WHAT TO DO
Copy out the lines of the records below, and only those lines, from the one with "#168=AXIS2_PLACEMENT_3D('',#165,#166,#167);" through the one with "#174=EDGE_LOOP('',(#173));", exactly as they appear.
────────
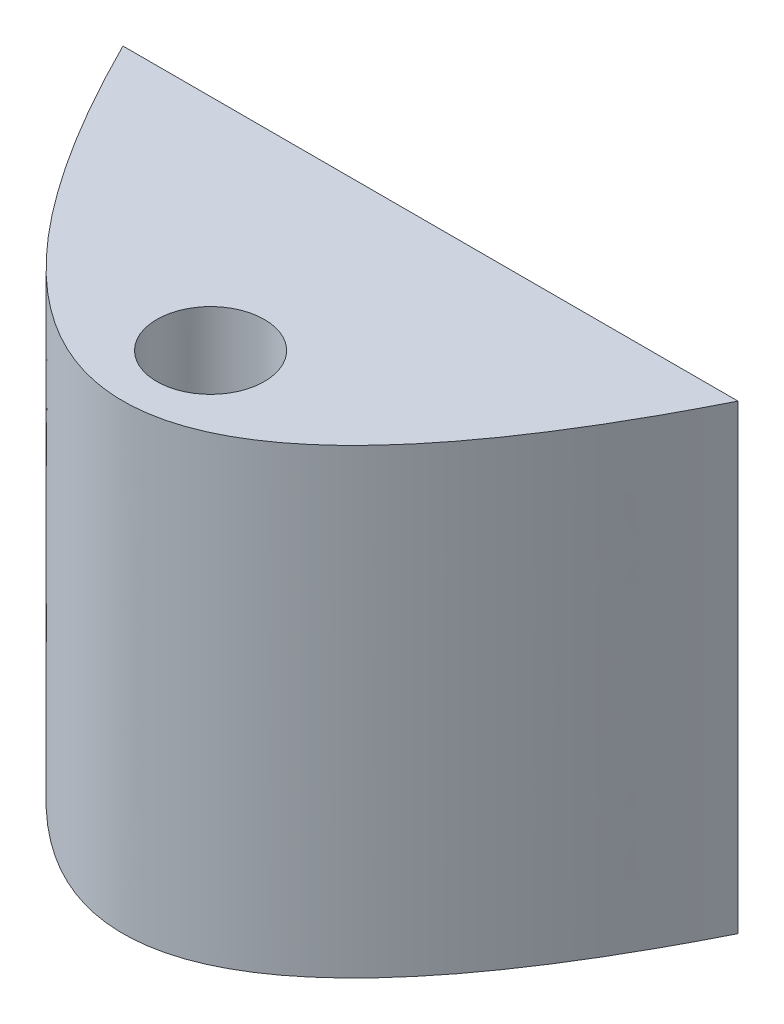
ISO-10303-21;
HEADER;
FILE_DESCRIPTION(('STEP AP214'),'2;1');
FILE_NAME('part.step','',(''),(''),'','','');
FILE_SCHEMA(('AUTOMOTIVE_DESIGN { 1 0 10303 214 1 1 1 1 }'));
ENDSEC;
DATA;
#1=APPLICATION_CONTEXT('core data for automotive mechanical design processes');
#2=APPLICATION_PROTOCOL_DEFINITION('international standard','automotive_design',2000,#1);
#3=PRODUCT_CONTEXT('',#1,'mechanical');
#4=PRODUCT('Part','Part','',(#3));
#5=PRODUCT_RELATED_PRODUCT_CATEGORY('part','',(#4));
#6=PRODUCT_DEFINITION_FORMATION('','',#4);
#7=PRODUCT_DEFINITION_CONTEXT('part definition',#1,'design');
#8=PRODUCT_DEFINITION('design','',#6,#7);
#9=PRODUCT_DEFINITION_SHAPE('','',#8);
#10=(LENGTH_UNIT() NAMED_UNIT(*) SI_UNIT(.MILLI.,.METRE.));
#11=(NAMED_UNIT(*) PLANE_ANGLE_UNIT() SI_UNIT($,.RADIAN.));
#12=(NAMED_UNIT(*) SI_UNIT($,.STERADIAN.) SOLID_ANGLE_UNIT());
#13=UNCERTAINTY_MEASURE_WITH_UNIT(LENGTH_MEASURE(1.E-05),#10,'distance_accuracy_value','');
#14=(GEOMETRIC_REPRESENTATION_CONTEXT(3) GLOBAL_UNCERTAINTY_ASSIGNED_CONTEXT((#13)) GLOBAL_UNIT_ASSIGNED_CONTEXT((#10,
#11,#12)) REPRESENTATION_CONTEXT('',''));
#15=CARTESIAN_POINT('',(0.,0.,0.));
#16=DIRECTION('',(0.,0.,1.));
#17=DIRECTION('',(1.,0.,0.));
#18=AXIS2_PLACEMENT_3D('',#15,#16,#17);
#19=CARTESIAN_POINT('',(0.,173.,142.999999999465));
#20=DIRECTION('',(0.,-1.,0.));
#21=DIRECTION('',(0.,0.,-1.));
#22=AXIS2_PLACEMENT_3D('',#19,#20,#21);
#23=CYLINDRICAL_SURFACE('',#22,15.5);
#24=CARTESIAN_POINT('',(0.,173.,142.999999999465));
#25=DIRECTION('',(0.,1.,0.));
#26=DIRECTION('',(0.,0.,1.));
#27=AXIS2_PLACEMENT_3D('',#24,#25,#26);
#28=CIRCLE('',#27,15.5);
#29=CARTESIAN_POINT('',(0.,173.,158.499999999465));
#30=VERTEX_POINT('',#29);
#31=EDGE_CURVE('E80',#30,#30,#28,.T.);
#32=ORIENTED_EDGE('',*,*,#31,.T.);
#33=EDGE_LOOP('',(#32));
#34=FACE_BOUND('',#33,.T.);
#35=CARTESIAN_POINT('',(0.,127.,142.999999999465));
#36=DIRECTION('',(0.,-1.,0.));
#37=DIRECTION('',(0.,0.,-1.));
#38=AXIS2_PLACEMENT_3D('',#35,#36,#37);
#39=CIRCLE('',#38,15.5);
#40=CARTESIAN_POINT('',(0.,127.,127.499999999465));
#41=VERTEX_POINT('',#40);
#42=EDGE_CURVE('E99',#41,#41,#39,.T.);
#43=ORIENTED_EDGE('',*,*,#42,.T.);
#44=EDGE_LOOP('',(#43));
#45=FACE_BOUND('',#44,.T.);
#46=ADVANCED_FACE('F37',(#34,#45),#23,.F.);
#47=CARTESIAN_POINT('',(0.,473.,142.999999999465));
#48=DIRECTION('',(0.,-1.,0.));
#49=DIRECTION('',(0.,0.,-1.));
#50=AXIS2_PLACEMENT_3D('',#47,#48,#49);
#51=CYLINDRICAL_SURFACE('',#50,35.);
#52=CARTESIAN_POINT('',(0.,173.,142.999999999465));
#53=DIRECTION('',(0.,1.,0.));
#54=DIRECTION('',(0.,0.,1.));
#55=AXIS2_PLACEMENT_3D('',#52,#53,#54);
#56=CIRCLE('',#55,35.);
#57=CARTESIAN_POINT('',(0.,173.,177.999999999465));
#58=VERTEX_POINT('',#57);
#59=EDGE_CURVE('E96',#58,#58,#56,.T.);
#60=ORIENTED_EDGE('',*,*,#59,.F.);
#61=EDGE_LOOP('',(#60));
#62=FACE_BOUND('',#61,.T.);
#63=CARTESIAN_POINT('',(0.,300.,142.999999999465));
#64=DIRECTION('',(0.,-1.,0.));
#65=DIRECTION('',(0.,0.,-1.));
#66=AXIS2_PLACEMENT_3D('',#63,#64,#65);
#67=CIRCLE('',#66,35.);
#68=CARTESIAN_POINT('',(0.,300.,107.999999999465));
#69=VERTEX_POINT('',#68);
#70=EDGE_CURVE('E77',#69,#69,#67,.F.);
#71=ORIENTED_EDGE('',*,*,#70,.T.);
#72=EDGE_LOOP('',(#71));
#73=FACE_BOUND('',#72,.T.);
#74=ADVANCED_FACE('F123',(#62,#73),#51,.F.);
#75=CARTESIAN_POINT('',(0.,173.,142.999999999465));
#76=DIRECTION('',(0.,1.,0.));
#77=DIRECTION('',(0.,0.,1.));
#78=AXIS2_PLACEMENT_3D('',#75,#76,#77);
#79=PLANE('',#78);
#80=ORIENTED_EDGE('',*,*,#31,.F.);
#81=EDGE_LOOP('',(#80));
#82=FACE_BOUND('',#81,.T.);
#83=ORIENTED_EDGE('',*,*,#59,.T.);
#84=EDGE_LOOP('',(#83));
#85=FACE_BOUND('',#84,.T.);
#86=ADVANCED_FACE('F129',(#82,#85),#79,.T.);
#87=CARTESIAN_POINT('',(-200.000000000337,300.,-6.70196537155832E-10));
#88=CARTESIAN_POINT('',(-5.91540705308091E-11,300.,400.000000000552));
#89=CARTESIAN_POINT('',(200.000000000219,300.,-4.34305369445553E-10));
#90=B_SPLINE_CURVE_WITH_KNOTS('',2,(#87,#88,#89),.UNSPECIFIED.,.F.,.F.,(3,3),(0.056028396232078,
0.943971603767659),.UNSPECIFIED.);
#91=DIRECTION('',(0.,-1.,0.));
#92=VECTOR('',#91,1.);
#93=SURFACE_OF_LINEAR_EXTRUSION('',#90,#92);
#94=CARTESIAN_POINT('',(-200.000000000337,0.,-6.70196537155832E-10));
#95=CARTESIAN_POINT('',(-5.91540705308091E-11,0.,400.000000000552));
#96=CARTESIAN_POINT('',(200.000000000219,0.,-4.34305369445553E-10));
#97=B_SPLINE_CURVE_WITH_KNOTS('',2,(#94,#95,#96),.UNSPECIFIED.,.F.,.F.,(3,3),(0.056028396232078,
0.943971603767659),.UNSPECIFIED.);
#98=CARTESIAN_POINT('',(-200.00000000027,0.,-5.35238059385865E-10));
#99=VERTEX_POINT('',#98);
#100=CARTESIAN_POINT('',(200.000000000156,0.,-5.35238059385865E-10));
#101=VERTEX_POINT('',#100);
#102=EDGE_CURVE('E72',#99,#101,#97,.T.);
#103=ORIENTED_EDGE('',*,*,#102,.T.);
#104=DIRECTION('',(0.,-1.,0.));
#105=VECTOR('',#104,1.);
#106=CARTESIAN_POINT('',(200.000000000156,300.,-5.35238059385865E-10));
#107=LINE('',#106,#105);
#108=CARTESIAN_POINT('',(200.000000000156,300.,-5.35238059385865E-10));
#109=VERTEX_POINT('',#108);
#110=EDGE_CURVE('E11',#109,#101,#107,.T.);
#111=ORIENTED_EDGE('',*,*,#110,.F.);
#112=CARTESIAN_POINT('',(-200.00000000027,300.,-5.35238059385865E-10));
#113=VERTEX_POINT('',#112);
#114=EDGE_CURVE('E71',#113,#109,#90,.T.);
#115=ORIENTED_EDGE('',*,*,#114,.F.);
#116=DIRECTION('',(0.,-1.,0.));
#117=VECTOR('',#116,1.);
#118=CARTESIAN_POINT('',(-200.00000000027,300.,-5.35238059385865E-10));
#119=LINE('',#118,#117);
#120=EDGE_CURVE('E48',#113,#99,#119,.T.);
#121=ORIENTED_EDGE('',*,*,#120,.T.);
#122=EDGE_LOOP('',(#103,#111,#115,#121));
#123=FACE_BOUND('',#122,.T.);
#124=ADVANCED_FACE('F39',(#123),#93,.F.);
#125=CARTESIAN_POINT('',(-200.00000000027,300.,-5.35238059385865E-10));
#126=DIRECTION('',(0.,0.,1.));
#127=DIRECTION('',(1.,0.,0.));
#128=AXIS2_PLACEMENT_3D('',#125,#126,#127);
#129=PLANE('',#128);
#130=DIRECTION('',(-1.,0.,0.));
#131=VECTOR('',#130,1.);
#132=CARTESIAN_POINT('',(-200.00000000027,0.,-5.35238059385865E-10));
#133=LINE('',#132,#131);
#134=EDGE_CURVE('E64',#101,#99,#133,.T.);
#135=ORIENTED_EDGE('',*,*,#134,.T.);
#136=ORIENTED_EDGE('',*,*,#120,.F.);
#137=DIRECTION('',(-1.,0.,0.));
#138=VECTOR('',#137,1.);
#139=CARTESIAN_POINT('',(-200.00000000027,300.,-5.35238059385865E-10));
#140=LINE('',#139,#138);
#141=EDGE_CURVE('E56',#109,#113,#140,.T.);
#142=ORIENTED_EDGE('',*,*,#141,.F.);
#143=ORIENTED_EDGE('',*,*,#110,.T.);
#144=EDGE_LOOP('',(#135,#136,#142,#143));
#145=FACE_BOUND('',#144,.T.);
#146=ADVANCED_FACE('F67',(#145),#129,.F.);
#147=CARTESIAN_POINT('',(-5.9161009424713E-11,300.,200.));
#148=DIRECTION('',(0.,-1.,0.));
#149=DIRECTION('',(0.,0.,-1.));
#150=AXIS2_PLACEMENT_3D('',#147,#148,#149);
#151=PLANE('',#150);
#152=ORIENTED_EDGE('',*,*,#70,.F.);
#153=EDGE_LOOP('',(#152));
#154=FACE_BOUND('',#153,.T.);
#155=ORIENTED_EDGE('',*,*,#114,.T.);
#156=ORIENTED_EDGE('',*,*,#141,.T.);
#157=EDGE_LOOP('',(#155,#156));
#158=FACE_BOUND('',#157,.T.);
#159=ADVANCED_FACE('F112',(#154,#158),#151,.F.);
#160=CARTESIAN_POINT('',(-5.9161009424713E-11,0.,200.));
#161=DIRECTION('',(0.,-1.,0.));
#162=DIRECTION('',(0.,0.,-1.));
#163=AXIS2_PLACEMENT_3D('',#160,#161,#162);
#164=PLANE('',#163);
#165=CARTESIAN_POINT('',(0.,0.,142.999999999465));
#166=DIRECTION('',(0.,-1.,0.));
#167=DIRECTION('',(0.,0.,-1.));
#168=AXIS2_PLACEMENT_3D('',#165,#166,#167);
#169=CIRCLE('',#168,35.);
#170=CARTESIAN_POINT('',(0.,0.,107.999999999465));
#171=VERTEX_POINT('',#170);
#172=EDGE_CURVE('E42',#171,#171,#169,.T.);
#173=ORIENTED_EDGE('',*,*,#172,.F.);
#174=EDGE_LOOP('',(#173));
#175=FACE_BOUND('',#174,.T.);
#176=ORIENTED_EDGE('',*,*,#102,.F.);
#177=ORIENTED_EDGE('',*,*,#134,.F.);
#178=EDGE_LOOP('',(#176,#177));
#179=FACE_BOUND('',#178,.T.);
#180=ADVANCED_FACE('F76',(#175,#179),#164,.T.);
#181=CARTESIAN_POINT('',(0.,-173.,142.999999999465));
#182=DIRECTION('',(0.,1.,0.));
#183=DIRECTION('',(0.,0.,1.));
#184=AXIS2_PLACEMENT_3D('',#181,#182,#183);
#185=CYLINDRICAL_SURFACE('',#184,35.);
#186=ORIENTED_EDGE('',*,*,#172,.T.);
#187=EDGE_LOOP('',(#186));
#188=FACE_BOUND('',#187,.T.);
#189=CARTESIAN_POINT('',(0.,127.,142.999999999465));
#190=DIRECTION('',(0.,1.,0.));
#191=DIRECTION('',(0.,0.,1.));
#192=AXIS2_PLACEMENT_3D('',#189,#190,#191);
#193=CIRCLE('',#192,35.);
#194=CARTESIAN_POINT('',(0.,127.,177.999999999465));
#195=VERTEX_POINT('',#194);
#196=EDGE_CURVE('E102',#195,#195,#193,.T.);
#197=ORIENTED_EDGE('',*,*,#196,.T.);
#198=EDGE_LOOP('',(#197));
#199=FACE_BOUND('',#198,.T.);
#200=ADVANCED_FACE('F109',(#188,#199),#185,.F.);
#201=CARTESIAN_POINT('',(0.,127.,142.999999999465));
#202=DIRECTION('',(0.,-1.,0.));
#203=DIRECTION('',(0.,0.,1.));
#204=AXIS2_PLACEMENT_3D('',#201,#202,#203);
#205=PLANE('',#204);
#206=ORIENTED_EDGE('',*,*,#42,.F.);
#207=EDGE_LOOP('',(#206));
#208=FACE_BOUND('',#207,.T.);
#209=ORIENTED_EDGE('',*,*,#196,.F.);
#210=EDGE_LOOP('',(#209));
#211=FACE_BOUND('',#210,.T.);
#212=ADVANCED_FACE('F118',(#208,#211),#205,.T.);
#213=CLOSED_SHELL('',(#46,#74,#86,#124,#146,#159,#180,#200,#212));
#214=MANIFOLD_SOLID_BREP('B2',#213);
#215=ADVANCED_BREP_SHAPE_REPRESENTATION('',(#18,#214),#14);
#216=SHAPE_DEFINITION_REPRESENTATION(#9,#215);
ENDSEC;
END-ISO-10303-21;
────────
EXERCISE OUTPUT
#168=AXIS2_PLACEMENT_3D('',#165,#166,#167);
#169=CIRCLE('',#168,35.);
#170=CARTESIAN_POINT('',(0.,0.,107.999999999465));
#171=VERTEX_POINT('',#170);
#172=EDGE_CURVE('E42',#171,#171,#169,.T.);
#173=ORIENTED_EDGE('',*,*,#172,.F.);
#174=EDGE_LOOP('',(#173));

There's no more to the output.